Each line from the one containing "Actor_ -->> System : Name" to the end of the listing below should be repeated exactly, with no other line included.

══ STUDY MATERIAL ══

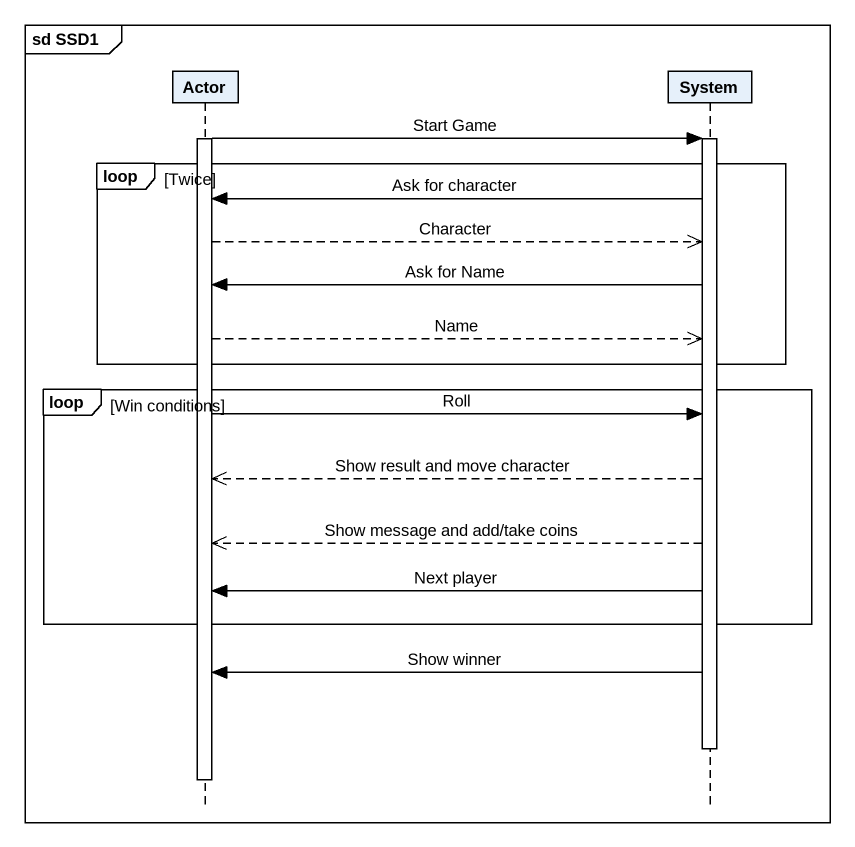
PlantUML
@startuml
mainframe sd SSD1
hide footbox
participant "Actor" as Actor_
participant System

activate Actor_
Actor_ -> System : Start Game
activate System
loop Twice
  System -> Actor_ : Ask for character
  Actor_ -->> System : Character
  System -> Actor_ : Ask for Name
  Actor_ -->> System : Name
end
loop Win conditions
  Actor_ -> System : Roll
  System -->> Actor_ : Show result and move character
  System -->> Actor_ : Show message and add/take coins
  System -> Actor_ : Next player
end
System -> Actor_ : Show winner
deactivate System
deactivate Actor_
@enduml

═══

WRITTEN SOLUTION:
  Actor_ -->> System : Name
end
loop Win conditions
  Actor_ -> System : Roll
  System -->> Actor_ : Show result and move character
  System -->> Actor_ : Show message and add/take coins
  System -> Actor_ : Next player
end
System -> Actor_ : Show winner
deactivate System
deactivate Actor_
@enduml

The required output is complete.